[Stored data]
◇ ◇ ◇

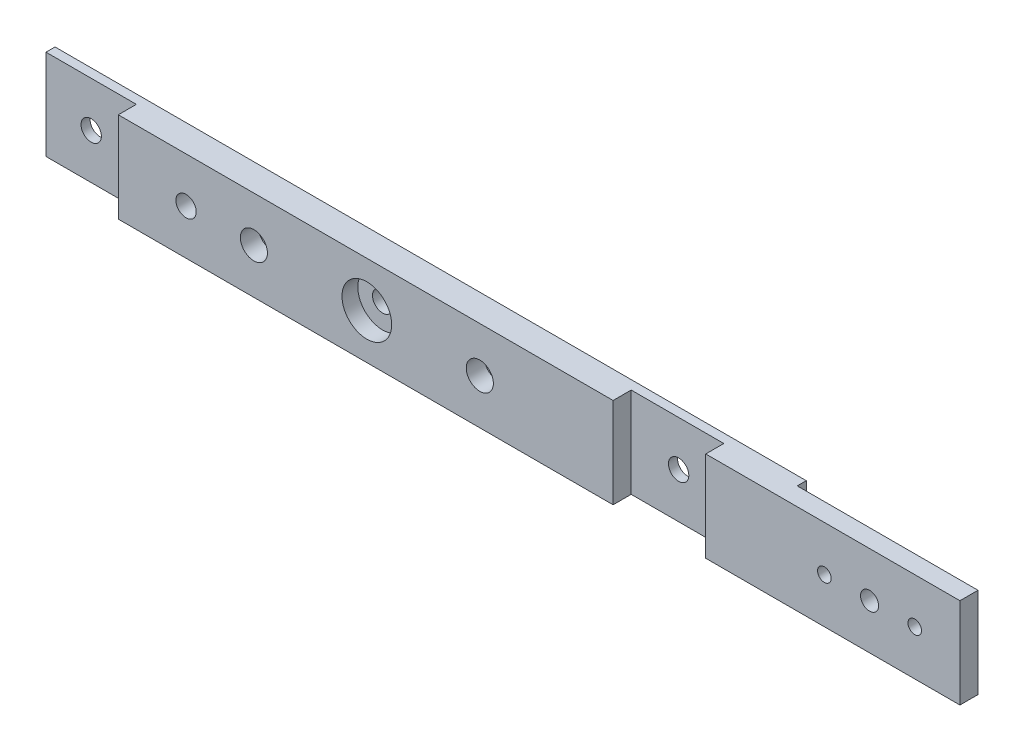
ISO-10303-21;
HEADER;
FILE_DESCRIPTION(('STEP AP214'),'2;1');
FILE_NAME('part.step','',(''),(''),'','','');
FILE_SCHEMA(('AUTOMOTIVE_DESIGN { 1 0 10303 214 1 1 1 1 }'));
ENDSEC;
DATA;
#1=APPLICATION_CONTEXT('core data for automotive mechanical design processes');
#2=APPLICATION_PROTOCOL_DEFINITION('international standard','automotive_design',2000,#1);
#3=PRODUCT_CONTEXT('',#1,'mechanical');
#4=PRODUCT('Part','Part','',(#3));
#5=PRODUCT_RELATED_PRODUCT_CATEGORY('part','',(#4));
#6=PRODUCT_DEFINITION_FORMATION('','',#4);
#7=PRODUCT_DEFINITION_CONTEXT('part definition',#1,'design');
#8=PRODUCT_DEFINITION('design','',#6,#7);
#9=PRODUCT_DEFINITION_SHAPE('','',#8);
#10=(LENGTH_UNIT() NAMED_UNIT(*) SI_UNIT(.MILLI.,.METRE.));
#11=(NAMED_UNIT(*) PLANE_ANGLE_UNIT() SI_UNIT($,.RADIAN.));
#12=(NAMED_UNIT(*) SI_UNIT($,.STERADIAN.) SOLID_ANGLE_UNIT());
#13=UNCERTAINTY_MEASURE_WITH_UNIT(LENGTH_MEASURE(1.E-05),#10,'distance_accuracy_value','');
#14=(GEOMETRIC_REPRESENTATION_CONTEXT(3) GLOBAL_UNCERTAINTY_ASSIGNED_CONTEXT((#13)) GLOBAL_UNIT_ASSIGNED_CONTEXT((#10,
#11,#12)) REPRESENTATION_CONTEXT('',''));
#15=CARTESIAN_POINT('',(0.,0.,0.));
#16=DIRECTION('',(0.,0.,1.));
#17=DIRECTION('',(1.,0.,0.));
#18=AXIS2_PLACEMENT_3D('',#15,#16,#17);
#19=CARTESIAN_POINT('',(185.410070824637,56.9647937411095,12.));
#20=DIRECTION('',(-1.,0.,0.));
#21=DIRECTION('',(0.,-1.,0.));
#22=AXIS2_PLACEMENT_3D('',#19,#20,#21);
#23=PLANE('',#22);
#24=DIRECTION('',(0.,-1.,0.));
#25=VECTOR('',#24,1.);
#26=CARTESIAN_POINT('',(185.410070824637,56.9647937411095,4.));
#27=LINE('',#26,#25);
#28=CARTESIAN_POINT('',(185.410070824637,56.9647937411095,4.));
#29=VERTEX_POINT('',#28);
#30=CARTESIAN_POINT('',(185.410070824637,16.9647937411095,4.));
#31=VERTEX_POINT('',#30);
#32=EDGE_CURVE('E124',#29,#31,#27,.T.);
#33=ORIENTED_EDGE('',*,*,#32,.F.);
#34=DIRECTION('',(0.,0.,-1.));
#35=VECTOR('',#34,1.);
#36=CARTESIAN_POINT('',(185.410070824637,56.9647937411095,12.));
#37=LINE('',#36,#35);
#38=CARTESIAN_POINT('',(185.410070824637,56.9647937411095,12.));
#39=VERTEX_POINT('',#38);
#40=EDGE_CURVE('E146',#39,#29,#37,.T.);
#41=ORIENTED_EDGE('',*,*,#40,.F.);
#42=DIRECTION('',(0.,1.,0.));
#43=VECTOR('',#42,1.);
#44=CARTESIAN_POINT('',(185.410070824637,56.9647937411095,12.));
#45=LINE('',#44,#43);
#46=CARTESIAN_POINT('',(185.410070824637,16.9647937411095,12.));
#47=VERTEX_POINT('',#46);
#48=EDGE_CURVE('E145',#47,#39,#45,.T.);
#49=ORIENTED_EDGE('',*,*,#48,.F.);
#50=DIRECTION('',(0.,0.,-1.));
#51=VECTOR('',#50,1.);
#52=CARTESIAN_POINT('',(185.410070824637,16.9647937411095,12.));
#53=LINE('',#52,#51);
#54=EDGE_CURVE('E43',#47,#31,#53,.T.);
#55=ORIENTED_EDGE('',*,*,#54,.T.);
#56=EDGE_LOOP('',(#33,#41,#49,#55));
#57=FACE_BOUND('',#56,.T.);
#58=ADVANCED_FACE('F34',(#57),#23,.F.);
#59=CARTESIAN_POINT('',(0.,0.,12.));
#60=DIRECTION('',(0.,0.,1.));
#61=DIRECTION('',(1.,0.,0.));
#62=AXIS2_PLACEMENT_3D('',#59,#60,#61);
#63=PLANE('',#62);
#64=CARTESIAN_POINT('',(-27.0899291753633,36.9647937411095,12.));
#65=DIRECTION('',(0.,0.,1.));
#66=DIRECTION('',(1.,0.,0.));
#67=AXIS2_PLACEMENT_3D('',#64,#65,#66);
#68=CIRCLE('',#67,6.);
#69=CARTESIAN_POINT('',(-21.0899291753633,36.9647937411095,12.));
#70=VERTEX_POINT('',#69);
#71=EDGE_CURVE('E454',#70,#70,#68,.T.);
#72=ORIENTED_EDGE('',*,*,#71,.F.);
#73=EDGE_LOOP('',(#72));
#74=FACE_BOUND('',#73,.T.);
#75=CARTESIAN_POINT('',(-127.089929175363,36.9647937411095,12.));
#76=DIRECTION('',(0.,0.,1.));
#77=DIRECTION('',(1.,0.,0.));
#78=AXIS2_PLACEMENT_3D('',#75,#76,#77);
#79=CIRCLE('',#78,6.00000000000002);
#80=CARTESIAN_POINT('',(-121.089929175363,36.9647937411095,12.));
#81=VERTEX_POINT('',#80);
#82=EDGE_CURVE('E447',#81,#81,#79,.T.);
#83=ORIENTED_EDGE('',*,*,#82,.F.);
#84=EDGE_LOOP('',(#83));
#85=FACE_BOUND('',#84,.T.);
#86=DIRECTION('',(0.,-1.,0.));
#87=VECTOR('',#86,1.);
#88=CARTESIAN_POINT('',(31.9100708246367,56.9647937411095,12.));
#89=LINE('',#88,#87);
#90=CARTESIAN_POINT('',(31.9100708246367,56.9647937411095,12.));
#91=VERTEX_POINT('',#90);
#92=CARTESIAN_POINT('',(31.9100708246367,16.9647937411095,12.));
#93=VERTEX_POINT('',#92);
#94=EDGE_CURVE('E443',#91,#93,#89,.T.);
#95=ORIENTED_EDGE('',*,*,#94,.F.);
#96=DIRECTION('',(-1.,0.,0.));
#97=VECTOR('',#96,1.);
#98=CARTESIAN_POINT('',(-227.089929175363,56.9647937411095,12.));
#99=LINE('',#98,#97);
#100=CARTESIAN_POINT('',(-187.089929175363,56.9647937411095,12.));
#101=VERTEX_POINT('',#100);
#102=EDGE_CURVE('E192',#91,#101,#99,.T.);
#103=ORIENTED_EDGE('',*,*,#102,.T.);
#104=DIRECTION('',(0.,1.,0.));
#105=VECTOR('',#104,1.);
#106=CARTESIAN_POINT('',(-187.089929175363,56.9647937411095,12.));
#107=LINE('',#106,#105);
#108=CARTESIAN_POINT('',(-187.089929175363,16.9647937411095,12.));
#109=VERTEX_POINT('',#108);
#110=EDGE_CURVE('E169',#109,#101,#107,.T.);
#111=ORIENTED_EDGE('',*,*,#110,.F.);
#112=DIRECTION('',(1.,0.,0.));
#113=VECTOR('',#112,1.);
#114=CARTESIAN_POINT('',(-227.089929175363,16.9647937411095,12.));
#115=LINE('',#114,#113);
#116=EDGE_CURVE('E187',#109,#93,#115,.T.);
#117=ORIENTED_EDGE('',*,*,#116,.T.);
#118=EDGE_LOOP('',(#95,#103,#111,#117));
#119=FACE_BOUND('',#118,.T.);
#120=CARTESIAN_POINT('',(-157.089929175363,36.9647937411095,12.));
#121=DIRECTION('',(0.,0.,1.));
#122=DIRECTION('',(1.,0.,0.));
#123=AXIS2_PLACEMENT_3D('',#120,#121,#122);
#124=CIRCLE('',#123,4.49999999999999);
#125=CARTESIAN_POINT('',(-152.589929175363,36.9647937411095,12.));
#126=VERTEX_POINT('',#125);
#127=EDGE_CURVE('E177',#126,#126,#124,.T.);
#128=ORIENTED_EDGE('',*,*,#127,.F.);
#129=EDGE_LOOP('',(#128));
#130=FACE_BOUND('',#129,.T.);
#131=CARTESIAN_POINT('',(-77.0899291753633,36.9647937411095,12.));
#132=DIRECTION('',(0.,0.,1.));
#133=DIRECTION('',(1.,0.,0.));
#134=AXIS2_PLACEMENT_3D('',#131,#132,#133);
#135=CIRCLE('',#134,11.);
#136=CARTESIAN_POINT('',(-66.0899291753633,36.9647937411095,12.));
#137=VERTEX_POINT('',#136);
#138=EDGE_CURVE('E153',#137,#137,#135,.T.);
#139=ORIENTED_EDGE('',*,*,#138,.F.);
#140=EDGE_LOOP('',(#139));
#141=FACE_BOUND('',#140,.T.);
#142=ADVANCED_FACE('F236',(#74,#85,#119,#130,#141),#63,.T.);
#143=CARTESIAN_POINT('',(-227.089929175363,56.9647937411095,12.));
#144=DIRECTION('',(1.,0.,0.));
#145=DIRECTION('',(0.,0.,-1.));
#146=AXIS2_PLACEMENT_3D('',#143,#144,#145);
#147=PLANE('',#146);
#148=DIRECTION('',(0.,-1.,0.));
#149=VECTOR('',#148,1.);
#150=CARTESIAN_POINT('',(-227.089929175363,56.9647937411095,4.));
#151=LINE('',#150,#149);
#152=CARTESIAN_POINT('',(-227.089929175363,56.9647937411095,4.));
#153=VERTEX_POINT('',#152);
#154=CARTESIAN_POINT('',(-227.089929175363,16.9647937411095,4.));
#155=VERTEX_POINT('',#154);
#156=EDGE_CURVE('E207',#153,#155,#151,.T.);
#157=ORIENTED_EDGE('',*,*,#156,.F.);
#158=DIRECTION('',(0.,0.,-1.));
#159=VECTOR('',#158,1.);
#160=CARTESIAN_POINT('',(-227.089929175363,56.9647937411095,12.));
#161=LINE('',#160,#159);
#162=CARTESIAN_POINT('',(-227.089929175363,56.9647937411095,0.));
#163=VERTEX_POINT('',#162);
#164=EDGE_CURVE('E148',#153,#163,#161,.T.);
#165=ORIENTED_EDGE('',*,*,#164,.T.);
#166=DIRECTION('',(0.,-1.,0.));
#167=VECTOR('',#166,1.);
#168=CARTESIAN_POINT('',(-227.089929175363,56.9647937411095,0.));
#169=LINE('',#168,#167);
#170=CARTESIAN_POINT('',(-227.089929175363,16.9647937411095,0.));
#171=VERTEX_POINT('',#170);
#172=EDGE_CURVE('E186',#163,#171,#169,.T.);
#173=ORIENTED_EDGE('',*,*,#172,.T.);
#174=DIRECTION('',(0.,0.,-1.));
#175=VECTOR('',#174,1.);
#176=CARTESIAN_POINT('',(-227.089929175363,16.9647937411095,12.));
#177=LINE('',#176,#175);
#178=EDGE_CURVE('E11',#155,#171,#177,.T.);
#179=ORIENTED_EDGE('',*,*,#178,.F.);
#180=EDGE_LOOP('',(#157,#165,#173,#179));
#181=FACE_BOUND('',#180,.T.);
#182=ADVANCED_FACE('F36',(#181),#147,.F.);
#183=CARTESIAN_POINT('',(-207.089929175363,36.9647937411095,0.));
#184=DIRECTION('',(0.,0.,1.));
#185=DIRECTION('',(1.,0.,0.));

◇ ◇ ◇

### WORK ITEM
Going back over the entries above, copy word for word every line from the one that has "#54=EDGE_CURVE('E43',#47,#31,#53,.T.);" on through the one that has "#61=DIRECTION('',(1.,0.,0.));".

### SOLUTION FOR THIS TASK
#54=EDGE_CURVE('E43',#47,#31,#53,.T.);
#55=ORIENTED_EDGE('',*,*,#54,.T.);
#56=EDGE_LOOP('',(#33,#41,#49,#55));
#57=FACE_BOUND('',#56,.T.);
#58=ADVANCED_FACE('F34',(#57),#23,.F.);
#59=CARTESIAN_POINT('',(0.,0.,12.));
#60=DIRECTION('',(0.,0.,1.));
#61=DIRECTION('',(1.,0.,0.));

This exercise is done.